From the entries below, copy every line that has the word "measures".
..........
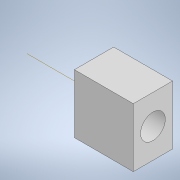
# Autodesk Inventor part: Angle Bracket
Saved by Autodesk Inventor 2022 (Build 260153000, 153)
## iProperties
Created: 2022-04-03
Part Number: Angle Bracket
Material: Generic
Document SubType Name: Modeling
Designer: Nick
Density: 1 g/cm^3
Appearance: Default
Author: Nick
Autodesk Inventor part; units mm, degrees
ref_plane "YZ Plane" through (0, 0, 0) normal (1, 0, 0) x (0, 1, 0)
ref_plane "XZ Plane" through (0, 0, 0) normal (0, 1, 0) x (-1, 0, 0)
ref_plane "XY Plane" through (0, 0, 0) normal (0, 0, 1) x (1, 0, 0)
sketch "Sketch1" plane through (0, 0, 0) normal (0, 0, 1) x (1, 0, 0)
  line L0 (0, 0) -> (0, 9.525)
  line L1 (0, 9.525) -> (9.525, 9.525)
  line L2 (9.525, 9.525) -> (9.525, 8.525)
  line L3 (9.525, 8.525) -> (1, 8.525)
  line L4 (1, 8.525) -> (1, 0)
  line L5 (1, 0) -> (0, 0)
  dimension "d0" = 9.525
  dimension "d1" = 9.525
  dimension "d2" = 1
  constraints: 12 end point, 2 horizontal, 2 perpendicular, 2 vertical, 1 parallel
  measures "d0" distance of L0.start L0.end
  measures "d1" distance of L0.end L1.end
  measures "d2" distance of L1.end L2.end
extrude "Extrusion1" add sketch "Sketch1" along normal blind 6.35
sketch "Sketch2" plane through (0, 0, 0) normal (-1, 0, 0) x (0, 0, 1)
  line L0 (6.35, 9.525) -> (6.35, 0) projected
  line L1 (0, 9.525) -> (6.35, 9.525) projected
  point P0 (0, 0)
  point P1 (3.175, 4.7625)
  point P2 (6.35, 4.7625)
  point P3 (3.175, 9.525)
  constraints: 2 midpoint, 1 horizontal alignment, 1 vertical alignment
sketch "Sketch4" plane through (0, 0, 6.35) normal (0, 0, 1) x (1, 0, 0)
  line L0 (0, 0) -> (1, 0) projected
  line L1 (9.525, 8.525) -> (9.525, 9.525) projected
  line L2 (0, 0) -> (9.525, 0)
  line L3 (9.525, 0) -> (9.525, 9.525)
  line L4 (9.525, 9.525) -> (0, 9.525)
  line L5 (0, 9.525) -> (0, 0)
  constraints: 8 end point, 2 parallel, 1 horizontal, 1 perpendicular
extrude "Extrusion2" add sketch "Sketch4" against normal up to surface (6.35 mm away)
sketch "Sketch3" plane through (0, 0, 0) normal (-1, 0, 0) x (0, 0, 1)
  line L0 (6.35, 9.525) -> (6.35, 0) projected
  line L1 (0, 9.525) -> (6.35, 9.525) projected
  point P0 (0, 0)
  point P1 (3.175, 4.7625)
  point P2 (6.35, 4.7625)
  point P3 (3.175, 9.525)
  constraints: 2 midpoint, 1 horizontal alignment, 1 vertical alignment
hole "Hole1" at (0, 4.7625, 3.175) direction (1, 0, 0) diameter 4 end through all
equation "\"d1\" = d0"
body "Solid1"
..........
**RESULT BELOW:**
  measures "d0" distance of L0.start L0.end
  measures "d1" distance of L0.end L1.end
  measures "d2" distance of L1.end L2.end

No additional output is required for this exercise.